モトリーフール米国本社、2019年9月19日投稿記事より

ラスベガス・サンズ(NYSE:LVS)は主要カジノ企業で、これまでは成長株として見られてきました。

同社はラスベガスで最大かつ最も利益率が高いカジノの一つであり、世界最大のカジノ市場であるマカオで最大のシェアを有し、そしてシンガポールでも収益性の高いカジノを運営しています。

近年、同社はマカオ、シンガポールでの成長の恩恵を享受してきました。

キャッシュフロー創出力を重視

ラスベガス・サンズは現在、成長株として見るべきではないかもしれません。

むしろ、そのキャッシュフロー創出力を重視すべきでしょう。

数十億ドルの費用をかけリゾート施設の建設がいったん完了すれば、カジノ、ホテル、ショップに至る全ての施設がキャッシュを生み出します。

この結果、ラスベガス・サンズは年間50億ドル超のEBITDA(支払い利息・税金・償却控除前利益、キャッシュフローに相当)を創出できるようになっています。

下のチャートで分かるように、過去5年間、EBITDAは30億ドル超で安定的に推移していて、直近では54億ドルに達しています。

ラスベガス・サンズの配当総額(青)とEBITDA(オレンジ)の推移(12カ月ベース、単位:10億ドル、配当総額は支払いなのでマイナス表記)

出典:YCHARTS。2019年9月19日時点

当面、ラスベガス・サンズにとって投資すべき新規地域がないため、キャッシュフローの大半は配当に回っており、現在の年間配当額は3.08ドル、配当利回りは5.3%に達しています。
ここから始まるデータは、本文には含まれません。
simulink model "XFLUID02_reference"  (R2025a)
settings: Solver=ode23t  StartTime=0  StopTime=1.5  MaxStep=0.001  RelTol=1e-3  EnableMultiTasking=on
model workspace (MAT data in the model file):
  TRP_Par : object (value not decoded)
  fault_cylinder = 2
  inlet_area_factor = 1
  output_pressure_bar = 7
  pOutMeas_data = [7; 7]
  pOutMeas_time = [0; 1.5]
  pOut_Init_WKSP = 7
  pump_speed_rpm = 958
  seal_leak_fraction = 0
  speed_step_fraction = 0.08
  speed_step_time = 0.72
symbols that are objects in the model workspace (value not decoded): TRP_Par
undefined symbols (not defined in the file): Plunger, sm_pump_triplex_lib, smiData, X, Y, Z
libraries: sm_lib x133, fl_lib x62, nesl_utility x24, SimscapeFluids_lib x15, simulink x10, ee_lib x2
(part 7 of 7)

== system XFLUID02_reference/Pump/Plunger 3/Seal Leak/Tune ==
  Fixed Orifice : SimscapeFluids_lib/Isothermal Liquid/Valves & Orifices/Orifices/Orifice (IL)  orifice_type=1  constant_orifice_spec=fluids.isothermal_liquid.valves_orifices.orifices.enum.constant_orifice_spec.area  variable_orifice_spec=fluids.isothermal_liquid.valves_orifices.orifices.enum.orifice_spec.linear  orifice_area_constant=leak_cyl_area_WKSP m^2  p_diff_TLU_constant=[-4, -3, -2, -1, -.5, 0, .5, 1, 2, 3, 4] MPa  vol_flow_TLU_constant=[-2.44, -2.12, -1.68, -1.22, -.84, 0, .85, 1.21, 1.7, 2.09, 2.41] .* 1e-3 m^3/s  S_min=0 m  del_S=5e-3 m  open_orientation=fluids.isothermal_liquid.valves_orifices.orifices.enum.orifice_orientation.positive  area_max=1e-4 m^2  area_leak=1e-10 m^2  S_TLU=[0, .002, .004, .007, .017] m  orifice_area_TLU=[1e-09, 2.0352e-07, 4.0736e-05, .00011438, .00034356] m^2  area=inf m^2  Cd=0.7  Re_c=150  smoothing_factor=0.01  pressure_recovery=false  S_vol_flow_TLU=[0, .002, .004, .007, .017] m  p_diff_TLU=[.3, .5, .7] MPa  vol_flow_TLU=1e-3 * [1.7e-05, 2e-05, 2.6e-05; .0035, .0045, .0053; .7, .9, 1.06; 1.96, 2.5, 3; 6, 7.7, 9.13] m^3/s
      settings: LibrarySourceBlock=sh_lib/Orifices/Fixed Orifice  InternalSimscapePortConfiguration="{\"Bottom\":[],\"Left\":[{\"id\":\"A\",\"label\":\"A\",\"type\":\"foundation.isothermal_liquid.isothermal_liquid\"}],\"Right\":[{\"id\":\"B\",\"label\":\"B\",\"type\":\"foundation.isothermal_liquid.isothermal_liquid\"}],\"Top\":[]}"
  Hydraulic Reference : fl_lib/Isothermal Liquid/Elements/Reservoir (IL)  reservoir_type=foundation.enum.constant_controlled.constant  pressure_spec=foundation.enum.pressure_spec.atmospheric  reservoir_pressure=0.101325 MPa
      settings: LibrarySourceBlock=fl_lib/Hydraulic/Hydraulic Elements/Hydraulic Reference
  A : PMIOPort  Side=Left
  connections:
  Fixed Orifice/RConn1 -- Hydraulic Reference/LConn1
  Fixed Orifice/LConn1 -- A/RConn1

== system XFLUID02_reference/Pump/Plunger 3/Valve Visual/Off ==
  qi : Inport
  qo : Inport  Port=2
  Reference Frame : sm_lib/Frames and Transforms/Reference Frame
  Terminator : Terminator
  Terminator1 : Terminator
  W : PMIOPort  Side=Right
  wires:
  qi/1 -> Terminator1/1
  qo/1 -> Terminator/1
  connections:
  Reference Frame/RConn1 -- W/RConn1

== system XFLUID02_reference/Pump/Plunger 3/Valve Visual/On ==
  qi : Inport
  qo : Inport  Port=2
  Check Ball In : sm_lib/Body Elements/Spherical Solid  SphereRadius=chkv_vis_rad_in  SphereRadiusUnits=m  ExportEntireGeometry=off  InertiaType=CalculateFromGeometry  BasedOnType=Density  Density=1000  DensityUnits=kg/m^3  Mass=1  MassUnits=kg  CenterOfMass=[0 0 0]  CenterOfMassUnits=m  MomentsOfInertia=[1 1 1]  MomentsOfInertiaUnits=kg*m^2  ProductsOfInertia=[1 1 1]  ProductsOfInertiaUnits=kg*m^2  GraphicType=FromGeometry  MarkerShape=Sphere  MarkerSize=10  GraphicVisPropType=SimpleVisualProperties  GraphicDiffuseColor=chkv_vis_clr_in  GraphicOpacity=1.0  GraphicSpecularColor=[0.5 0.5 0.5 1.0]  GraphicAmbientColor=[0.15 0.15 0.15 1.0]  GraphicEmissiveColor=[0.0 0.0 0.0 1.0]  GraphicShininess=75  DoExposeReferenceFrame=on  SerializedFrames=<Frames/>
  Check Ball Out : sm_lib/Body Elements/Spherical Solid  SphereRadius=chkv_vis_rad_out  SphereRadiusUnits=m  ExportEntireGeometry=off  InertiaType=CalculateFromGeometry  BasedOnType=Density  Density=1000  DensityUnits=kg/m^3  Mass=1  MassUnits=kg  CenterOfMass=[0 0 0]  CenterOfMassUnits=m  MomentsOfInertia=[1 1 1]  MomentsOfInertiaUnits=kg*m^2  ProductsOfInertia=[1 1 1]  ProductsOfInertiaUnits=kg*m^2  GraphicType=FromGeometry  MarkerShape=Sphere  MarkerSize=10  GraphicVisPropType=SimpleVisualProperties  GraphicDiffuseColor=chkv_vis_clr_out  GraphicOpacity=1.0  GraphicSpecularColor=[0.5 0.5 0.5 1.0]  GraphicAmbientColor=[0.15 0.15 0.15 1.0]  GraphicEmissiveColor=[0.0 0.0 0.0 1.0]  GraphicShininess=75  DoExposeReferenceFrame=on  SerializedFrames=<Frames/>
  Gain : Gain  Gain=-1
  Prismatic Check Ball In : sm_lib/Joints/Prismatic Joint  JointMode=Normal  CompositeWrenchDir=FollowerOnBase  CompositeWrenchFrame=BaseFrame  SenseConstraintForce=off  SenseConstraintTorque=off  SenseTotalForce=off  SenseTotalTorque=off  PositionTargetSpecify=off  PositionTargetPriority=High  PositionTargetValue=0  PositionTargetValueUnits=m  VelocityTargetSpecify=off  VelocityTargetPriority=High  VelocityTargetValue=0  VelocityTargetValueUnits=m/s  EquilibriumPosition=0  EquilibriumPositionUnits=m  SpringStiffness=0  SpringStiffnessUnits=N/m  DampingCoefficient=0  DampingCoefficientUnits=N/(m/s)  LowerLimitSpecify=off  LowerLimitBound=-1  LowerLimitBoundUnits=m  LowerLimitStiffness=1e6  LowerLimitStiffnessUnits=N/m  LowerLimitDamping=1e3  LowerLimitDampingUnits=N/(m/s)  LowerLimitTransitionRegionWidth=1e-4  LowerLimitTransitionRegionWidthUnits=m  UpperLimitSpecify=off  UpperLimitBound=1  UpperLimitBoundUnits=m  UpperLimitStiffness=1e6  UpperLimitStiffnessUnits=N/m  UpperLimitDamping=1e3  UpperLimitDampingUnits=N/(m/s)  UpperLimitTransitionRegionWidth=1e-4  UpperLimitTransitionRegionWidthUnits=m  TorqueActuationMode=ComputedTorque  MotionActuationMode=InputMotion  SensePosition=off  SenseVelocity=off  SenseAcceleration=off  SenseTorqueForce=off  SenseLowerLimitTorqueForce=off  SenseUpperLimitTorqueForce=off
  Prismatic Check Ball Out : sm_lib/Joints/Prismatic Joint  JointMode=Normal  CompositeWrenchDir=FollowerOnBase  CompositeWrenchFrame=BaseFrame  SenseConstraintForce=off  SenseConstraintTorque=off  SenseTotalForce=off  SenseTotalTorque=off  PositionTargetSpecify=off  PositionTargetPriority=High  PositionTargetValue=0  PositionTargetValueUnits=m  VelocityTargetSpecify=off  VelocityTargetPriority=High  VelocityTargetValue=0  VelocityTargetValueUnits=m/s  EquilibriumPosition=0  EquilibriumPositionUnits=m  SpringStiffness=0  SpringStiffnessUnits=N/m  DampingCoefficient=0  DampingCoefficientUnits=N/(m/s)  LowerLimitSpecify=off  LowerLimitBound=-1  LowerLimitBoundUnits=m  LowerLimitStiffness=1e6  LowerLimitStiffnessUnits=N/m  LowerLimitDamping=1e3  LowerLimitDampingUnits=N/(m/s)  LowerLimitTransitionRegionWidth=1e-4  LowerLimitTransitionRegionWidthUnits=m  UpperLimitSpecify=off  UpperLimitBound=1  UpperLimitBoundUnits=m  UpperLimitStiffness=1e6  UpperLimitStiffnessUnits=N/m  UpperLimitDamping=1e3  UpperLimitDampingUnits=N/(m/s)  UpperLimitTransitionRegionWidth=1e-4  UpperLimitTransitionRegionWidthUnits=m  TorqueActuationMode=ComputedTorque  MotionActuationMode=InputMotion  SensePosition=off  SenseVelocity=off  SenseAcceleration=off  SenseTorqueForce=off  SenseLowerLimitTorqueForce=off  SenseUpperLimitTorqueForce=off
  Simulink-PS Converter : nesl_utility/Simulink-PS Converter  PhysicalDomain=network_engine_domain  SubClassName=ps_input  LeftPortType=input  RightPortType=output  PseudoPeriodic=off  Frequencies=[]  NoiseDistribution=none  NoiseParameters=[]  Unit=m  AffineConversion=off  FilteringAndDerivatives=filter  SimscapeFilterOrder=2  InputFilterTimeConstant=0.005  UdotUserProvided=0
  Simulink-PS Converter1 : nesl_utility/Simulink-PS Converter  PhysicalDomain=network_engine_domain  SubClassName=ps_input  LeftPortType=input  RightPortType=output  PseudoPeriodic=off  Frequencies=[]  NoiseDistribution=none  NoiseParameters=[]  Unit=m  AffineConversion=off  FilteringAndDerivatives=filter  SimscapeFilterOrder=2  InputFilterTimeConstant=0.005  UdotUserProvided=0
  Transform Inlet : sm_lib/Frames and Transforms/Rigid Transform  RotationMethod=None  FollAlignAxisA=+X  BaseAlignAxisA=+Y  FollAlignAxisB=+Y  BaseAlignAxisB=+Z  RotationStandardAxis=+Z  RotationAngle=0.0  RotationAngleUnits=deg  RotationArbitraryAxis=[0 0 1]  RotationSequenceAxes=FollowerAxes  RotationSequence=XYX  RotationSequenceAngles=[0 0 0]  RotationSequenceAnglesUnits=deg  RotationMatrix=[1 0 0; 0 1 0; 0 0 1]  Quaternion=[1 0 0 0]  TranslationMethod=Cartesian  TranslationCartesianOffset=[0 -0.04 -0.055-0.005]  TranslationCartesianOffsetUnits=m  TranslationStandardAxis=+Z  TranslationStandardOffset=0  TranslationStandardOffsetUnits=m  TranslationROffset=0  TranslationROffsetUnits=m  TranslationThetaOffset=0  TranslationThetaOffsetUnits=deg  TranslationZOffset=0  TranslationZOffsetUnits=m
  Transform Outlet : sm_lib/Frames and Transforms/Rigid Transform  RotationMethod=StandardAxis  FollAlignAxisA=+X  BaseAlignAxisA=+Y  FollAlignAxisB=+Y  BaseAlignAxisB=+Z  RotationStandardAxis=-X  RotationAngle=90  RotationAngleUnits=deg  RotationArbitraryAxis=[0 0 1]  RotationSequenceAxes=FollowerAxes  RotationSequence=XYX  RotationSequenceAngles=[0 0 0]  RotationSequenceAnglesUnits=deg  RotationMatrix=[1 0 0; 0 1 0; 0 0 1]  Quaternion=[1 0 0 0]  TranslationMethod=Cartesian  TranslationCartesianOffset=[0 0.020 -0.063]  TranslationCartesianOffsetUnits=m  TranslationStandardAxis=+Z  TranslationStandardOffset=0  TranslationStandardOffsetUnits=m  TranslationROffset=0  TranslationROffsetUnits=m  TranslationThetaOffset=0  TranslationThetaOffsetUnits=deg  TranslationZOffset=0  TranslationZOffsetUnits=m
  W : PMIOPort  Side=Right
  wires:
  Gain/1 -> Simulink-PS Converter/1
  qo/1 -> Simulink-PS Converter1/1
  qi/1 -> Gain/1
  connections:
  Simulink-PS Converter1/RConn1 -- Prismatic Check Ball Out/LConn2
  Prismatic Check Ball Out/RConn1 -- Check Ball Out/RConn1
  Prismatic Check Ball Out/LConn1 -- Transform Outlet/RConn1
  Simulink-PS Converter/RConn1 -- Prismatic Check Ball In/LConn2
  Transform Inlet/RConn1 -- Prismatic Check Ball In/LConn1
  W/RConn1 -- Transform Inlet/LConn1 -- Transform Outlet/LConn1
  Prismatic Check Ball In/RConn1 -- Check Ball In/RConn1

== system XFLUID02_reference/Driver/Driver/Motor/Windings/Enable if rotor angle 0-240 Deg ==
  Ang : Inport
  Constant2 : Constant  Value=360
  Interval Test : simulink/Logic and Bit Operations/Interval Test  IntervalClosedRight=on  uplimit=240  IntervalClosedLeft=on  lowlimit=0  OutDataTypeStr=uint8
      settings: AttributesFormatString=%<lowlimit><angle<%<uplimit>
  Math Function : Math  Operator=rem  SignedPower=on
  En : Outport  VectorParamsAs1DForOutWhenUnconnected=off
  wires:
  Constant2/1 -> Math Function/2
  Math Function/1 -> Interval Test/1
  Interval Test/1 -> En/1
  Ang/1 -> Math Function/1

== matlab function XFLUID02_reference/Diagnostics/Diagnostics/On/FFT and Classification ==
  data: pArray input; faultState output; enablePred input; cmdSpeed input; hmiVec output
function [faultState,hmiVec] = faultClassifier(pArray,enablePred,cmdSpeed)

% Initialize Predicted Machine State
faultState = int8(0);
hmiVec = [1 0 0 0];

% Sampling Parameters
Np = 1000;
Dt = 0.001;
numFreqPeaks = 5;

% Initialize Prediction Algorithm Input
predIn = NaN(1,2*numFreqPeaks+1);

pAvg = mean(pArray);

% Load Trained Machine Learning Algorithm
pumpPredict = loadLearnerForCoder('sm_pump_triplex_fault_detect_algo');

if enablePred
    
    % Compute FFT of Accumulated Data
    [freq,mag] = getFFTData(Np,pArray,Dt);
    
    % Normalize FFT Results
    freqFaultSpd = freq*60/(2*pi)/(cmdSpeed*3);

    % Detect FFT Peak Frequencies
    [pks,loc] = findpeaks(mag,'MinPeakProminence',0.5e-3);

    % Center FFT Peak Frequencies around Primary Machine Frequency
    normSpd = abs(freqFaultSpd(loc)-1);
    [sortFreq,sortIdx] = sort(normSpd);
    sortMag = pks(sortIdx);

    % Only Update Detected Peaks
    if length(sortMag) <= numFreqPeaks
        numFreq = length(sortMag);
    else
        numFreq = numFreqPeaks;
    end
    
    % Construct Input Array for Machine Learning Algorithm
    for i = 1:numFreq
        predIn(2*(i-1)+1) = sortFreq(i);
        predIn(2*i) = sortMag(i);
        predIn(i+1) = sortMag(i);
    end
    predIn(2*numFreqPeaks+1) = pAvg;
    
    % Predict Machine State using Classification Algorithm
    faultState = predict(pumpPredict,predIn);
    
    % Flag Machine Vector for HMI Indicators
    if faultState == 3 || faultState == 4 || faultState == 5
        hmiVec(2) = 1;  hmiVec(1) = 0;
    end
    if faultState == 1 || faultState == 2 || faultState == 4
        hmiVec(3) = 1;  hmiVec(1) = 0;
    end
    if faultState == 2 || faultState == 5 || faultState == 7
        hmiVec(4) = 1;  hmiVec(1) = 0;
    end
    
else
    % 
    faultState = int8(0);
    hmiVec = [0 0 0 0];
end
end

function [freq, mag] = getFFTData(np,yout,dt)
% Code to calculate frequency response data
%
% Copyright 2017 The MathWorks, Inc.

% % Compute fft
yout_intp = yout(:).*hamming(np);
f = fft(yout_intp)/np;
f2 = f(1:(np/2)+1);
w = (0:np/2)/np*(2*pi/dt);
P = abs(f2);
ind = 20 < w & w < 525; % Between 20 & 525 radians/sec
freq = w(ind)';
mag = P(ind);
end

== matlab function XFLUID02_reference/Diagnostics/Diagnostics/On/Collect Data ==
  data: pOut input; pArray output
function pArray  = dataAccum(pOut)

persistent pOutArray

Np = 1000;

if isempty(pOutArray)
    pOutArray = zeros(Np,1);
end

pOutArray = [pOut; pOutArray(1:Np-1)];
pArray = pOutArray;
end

ラスベガス・サンズは優れた配当株と考えられるでしょう。

キャッシュフローストーリーが崩れる可能性

しかし、投資家のとってのリスクは、ラスベガス・サンズのキャッシュフローが長期的に持続可能ではないかもしれないことです。

最も大きなリスクは、マカオのカジノ市場がふたたび不振に陥ることで、もし10年前の金融危機の時と同様に中国政府がマカオへの資金流入を抑え込んだ場合、1、2年で市場規模が半減する可能性があります。

ただし、ラスベガス・サンズは、10年前に比べるとそういったマカオなどでのショックなどを吸収出来る態勢になっています。

2008年に金融危機が発生した際、同社はマカオでの事業を完全に立ち上げておらず、シンガポールではマリーナ・ベイサンズを建設中だったため、キャッシュフローの純流出に見舞われました。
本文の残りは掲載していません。